[Records from a data collection]

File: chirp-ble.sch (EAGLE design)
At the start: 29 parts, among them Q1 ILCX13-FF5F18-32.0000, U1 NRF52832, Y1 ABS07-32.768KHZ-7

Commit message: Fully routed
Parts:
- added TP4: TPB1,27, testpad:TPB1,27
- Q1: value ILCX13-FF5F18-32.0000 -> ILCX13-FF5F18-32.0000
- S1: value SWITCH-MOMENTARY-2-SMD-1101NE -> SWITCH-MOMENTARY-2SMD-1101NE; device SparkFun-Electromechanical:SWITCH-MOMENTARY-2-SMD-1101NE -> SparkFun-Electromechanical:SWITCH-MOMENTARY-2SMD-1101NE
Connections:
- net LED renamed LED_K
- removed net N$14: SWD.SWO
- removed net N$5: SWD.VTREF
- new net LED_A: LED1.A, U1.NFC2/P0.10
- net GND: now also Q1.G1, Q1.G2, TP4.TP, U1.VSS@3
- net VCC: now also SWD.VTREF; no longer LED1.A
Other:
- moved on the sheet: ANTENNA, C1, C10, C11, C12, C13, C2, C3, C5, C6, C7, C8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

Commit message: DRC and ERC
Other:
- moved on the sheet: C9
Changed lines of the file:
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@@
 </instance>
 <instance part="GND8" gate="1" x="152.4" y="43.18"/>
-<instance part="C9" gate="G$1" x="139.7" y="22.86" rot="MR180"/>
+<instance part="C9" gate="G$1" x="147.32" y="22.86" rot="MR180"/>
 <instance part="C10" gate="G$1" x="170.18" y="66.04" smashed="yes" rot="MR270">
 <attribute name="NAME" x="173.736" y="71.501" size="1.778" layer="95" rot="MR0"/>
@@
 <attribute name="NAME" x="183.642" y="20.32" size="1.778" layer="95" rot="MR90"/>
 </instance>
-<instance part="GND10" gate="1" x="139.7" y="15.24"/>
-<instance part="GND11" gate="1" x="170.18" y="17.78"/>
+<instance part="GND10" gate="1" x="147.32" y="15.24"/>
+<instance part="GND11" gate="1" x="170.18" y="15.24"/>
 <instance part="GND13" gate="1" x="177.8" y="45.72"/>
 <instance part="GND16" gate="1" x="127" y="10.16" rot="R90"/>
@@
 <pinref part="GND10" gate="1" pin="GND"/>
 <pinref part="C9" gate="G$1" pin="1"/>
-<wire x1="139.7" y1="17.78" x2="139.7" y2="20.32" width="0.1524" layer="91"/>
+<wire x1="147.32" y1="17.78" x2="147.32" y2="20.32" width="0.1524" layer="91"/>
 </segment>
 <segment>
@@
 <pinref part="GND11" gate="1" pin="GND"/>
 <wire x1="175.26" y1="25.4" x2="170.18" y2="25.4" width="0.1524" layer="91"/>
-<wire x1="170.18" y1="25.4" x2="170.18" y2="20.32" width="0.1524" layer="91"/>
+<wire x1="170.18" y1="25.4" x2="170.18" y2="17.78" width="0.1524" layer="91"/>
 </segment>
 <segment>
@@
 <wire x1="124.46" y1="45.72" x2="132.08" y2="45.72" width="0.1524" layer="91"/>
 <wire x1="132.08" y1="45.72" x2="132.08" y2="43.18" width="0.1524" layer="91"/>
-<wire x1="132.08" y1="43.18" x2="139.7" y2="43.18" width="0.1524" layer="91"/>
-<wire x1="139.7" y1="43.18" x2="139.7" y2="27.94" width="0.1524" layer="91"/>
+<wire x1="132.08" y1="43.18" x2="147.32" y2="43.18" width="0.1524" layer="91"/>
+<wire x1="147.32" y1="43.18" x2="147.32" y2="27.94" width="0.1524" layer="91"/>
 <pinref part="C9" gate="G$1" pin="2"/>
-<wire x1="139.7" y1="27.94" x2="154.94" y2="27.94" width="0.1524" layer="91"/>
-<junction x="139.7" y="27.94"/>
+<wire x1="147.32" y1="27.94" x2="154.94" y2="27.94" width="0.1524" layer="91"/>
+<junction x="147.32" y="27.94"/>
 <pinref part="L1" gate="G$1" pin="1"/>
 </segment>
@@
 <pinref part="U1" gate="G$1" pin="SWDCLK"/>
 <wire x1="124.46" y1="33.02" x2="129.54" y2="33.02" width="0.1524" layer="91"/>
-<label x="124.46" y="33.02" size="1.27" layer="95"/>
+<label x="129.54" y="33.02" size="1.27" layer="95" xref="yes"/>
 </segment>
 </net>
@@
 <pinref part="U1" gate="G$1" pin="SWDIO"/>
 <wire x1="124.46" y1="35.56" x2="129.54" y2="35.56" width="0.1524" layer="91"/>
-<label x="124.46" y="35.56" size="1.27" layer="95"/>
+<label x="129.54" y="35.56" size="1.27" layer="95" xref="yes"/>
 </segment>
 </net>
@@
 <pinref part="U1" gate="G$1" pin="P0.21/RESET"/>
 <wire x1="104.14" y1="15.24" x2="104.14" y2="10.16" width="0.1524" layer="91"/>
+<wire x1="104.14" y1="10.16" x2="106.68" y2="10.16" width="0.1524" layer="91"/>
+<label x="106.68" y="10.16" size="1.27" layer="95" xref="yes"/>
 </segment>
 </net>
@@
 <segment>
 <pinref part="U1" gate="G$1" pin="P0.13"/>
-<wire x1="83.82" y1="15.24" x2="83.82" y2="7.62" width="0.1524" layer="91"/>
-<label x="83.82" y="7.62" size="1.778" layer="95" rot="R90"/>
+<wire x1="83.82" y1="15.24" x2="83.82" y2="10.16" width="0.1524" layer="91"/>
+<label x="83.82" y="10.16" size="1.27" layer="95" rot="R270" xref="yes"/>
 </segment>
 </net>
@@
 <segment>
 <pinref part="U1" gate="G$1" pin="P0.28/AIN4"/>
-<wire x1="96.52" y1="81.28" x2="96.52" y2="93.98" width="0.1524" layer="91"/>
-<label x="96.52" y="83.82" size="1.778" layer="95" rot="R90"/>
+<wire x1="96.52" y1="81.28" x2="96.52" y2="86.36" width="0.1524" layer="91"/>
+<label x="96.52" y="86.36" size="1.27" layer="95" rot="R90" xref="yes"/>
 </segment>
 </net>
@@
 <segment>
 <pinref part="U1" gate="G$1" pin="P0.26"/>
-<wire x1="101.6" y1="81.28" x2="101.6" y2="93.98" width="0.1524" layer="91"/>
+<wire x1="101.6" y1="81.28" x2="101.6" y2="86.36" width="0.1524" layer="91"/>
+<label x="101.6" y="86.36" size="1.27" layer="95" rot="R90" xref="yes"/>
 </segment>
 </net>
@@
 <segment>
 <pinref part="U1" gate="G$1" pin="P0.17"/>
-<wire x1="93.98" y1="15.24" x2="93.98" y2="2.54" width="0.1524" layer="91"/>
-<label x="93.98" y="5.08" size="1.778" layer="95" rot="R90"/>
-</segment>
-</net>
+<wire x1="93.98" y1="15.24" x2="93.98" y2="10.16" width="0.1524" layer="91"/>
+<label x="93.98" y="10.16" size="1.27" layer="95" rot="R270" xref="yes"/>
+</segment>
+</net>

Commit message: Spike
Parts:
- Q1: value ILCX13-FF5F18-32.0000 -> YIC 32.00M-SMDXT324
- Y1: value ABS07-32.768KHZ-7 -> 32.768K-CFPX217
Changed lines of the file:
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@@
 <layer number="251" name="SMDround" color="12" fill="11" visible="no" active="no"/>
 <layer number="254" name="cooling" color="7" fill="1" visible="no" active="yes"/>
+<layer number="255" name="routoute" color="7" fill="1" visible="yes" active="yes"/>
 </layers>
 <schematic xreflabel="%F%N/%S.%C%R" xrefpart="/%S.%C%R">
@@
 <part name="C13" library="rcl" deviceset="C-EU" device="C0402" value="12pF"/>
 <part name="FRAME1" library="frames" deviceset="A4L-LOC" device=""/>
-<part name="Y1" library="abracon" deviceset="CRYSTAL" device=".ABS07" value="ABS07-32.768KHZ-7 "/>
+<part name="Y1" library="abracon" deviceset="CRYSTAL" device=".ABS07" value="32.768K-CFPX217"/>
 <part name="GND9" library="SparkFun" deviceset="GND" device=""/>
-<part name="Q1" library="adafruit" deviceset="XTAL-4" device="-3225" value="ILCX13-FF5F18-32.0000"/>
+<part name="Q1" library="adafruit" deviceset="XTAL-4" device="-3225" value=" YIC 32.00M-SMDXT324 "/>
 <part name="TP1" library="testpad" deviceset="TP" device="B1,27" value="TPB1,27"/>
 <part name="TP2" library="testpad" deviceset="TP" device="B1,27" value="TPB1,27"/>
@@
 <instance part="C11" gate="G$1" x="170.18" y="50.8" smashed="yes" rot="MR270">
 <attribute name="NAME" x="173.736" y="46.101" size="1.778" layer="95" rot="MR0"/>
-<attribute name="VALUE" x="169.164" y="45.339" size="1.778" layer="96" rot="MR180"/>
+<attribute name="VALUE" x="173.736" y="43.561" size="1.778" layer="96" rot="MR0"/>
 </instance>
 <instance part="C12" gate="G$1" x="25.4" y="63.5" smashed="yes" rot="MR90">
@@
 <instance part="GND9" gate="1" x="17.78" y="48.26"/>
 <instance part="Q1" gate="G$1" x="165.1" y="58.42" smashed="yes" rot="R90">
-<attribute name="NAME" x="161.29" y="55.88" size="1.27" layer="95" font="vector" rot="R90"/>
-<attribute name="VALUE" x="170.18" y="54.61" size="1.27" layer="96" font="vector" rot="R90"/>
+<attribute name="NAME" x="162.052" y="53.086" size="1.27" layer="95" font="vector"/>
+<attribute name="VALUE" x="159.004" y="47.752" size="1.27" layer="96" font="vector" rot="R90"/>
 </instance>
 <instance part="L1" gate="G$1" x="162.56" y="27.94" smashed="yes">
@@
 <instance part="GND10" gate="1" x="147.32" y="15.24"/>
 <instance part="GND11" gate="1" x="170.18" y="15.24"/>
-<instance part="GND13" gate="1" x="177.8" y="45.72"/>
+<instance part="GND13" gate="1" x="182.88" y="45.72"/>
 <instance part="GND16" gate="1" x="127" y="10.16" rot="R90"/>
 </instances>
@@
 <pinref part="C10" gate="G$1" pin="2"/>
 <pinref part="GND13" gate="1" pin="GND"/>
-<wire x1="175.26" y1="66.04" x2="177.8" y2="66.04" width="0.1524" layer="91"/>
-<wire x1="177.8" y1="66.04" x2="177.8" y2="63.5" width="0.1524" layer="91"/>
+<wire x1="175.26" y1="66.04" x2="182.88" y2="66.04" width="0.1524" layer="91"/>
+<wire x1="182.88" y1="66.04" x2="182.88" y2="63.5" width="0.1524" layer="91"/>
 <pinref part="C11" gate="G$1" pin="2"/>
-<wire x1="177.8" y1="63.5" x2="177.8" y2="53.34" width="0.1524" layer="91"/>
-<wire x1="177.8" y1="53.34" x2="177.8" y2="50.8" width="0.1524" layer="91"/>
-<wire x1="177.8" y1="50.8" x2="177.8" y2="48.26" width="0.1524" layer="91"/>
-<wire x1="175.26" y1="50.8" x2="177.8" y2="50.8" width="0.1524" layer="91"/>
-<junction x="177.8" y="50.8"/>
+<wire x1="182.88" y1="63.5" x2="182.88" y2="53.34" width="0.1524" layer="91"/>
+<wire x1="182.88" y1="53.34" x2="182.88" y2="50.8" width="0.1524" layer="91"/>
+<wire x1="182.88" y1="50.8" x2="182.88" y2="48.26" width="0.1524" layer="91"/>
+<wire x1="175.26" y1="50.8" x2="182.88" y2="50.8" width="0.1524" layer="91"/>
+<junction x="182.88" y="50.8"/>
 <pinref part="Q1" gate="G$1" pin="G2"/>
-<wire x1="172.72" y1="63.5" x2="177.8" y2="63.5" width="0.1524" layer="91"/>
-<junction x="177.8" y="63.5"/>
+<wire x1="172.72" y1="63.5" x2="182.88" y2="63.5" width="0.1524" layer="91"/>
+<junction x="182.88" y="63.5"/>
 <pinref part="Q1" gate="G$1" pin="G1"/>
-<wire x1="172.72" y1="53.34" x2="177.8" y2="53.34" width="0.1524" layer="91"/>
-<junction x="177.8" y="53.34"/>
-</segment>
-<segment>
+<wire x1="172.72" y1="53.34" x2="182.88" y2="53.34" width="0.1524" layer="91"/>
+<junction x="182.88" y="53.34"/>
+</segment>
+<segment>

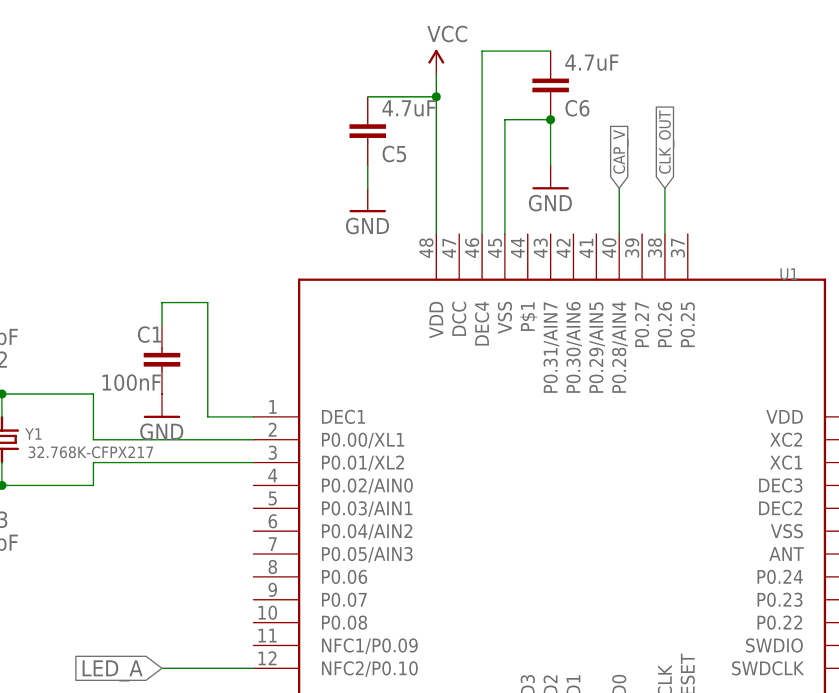
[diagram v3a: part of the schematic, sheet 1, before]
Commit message: Changed min drill size to 0.4mm
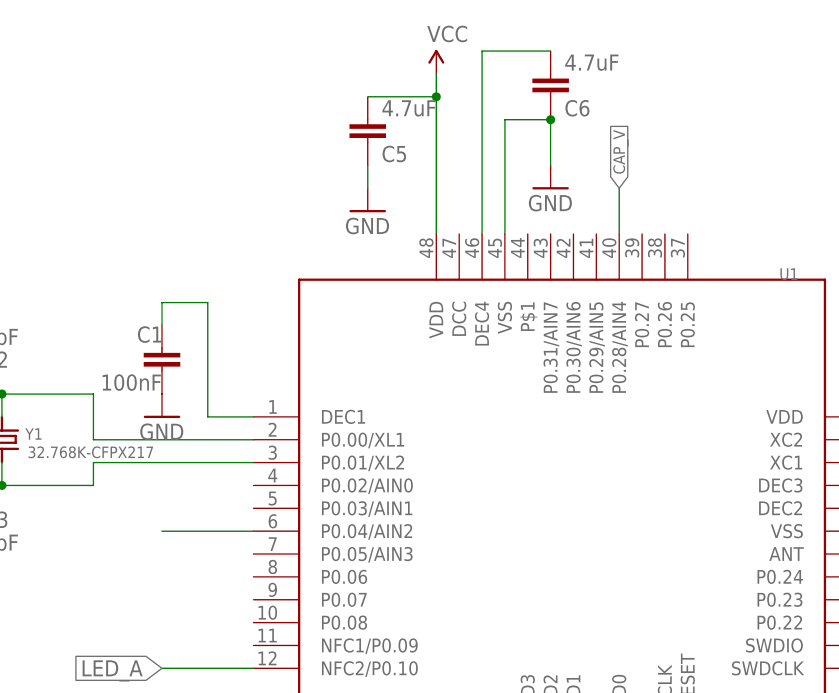
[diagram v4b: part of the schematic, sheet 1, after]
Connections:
- net CLK_OUT: now also U1.P0.04/AIN2; no longer U1.P0.26
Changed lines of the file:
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@@
-</segment>
-</net>
-<net name="CLK_OUT" class="0">
-<segment>
-<pinref part="U1" gate="G$1" pin="P0.26"/>
-<wire x1="101.6" y1="81.28" x2="101.6" y2="86.36" width="0.1524" layer="91"/>
-<label x="101.6" y="86.36" size="1.27" layer="95" rot="R90" xref="yes"/>
 </segment>
 </net>
@@
 </segment>
 </net>
+<net name="CLK_OUT" class="0">
+<segment>
+<pinref part="U1" gate="G$1" pin="P0.04/AIN2"/>
+<wire x1="55.88" y1="48.26" x2="45.72" y2="48.26" width="0.1524" layer="91"/>
+</segment>
+</net>

#### [TASK DIRECTIONS]
Once you find the line containing "- Q1: value ILCX13-FF5F18-32.0000 -> ILCX13-FF5F18-32.0000", stop: reproduce exactly that line and every line of the data before it, and nothing else.

#### [SOLUTION TO THE PROBLEM]
File: chirp-ble.sch (EAGLE design)
At the start: 29 parts, among them Q1 ILCX13-FF5F18-32.0000, U1 NRF52832, Y1 ABS07-32.768KHZ-7

Commit message: Fully routed
Parts:
- added TP4: TPB1,27, testpad:TPB1,27
- Q1: value ILCX13-FF5F18-32.0000 -> ILCX13-FF5F18-32.0000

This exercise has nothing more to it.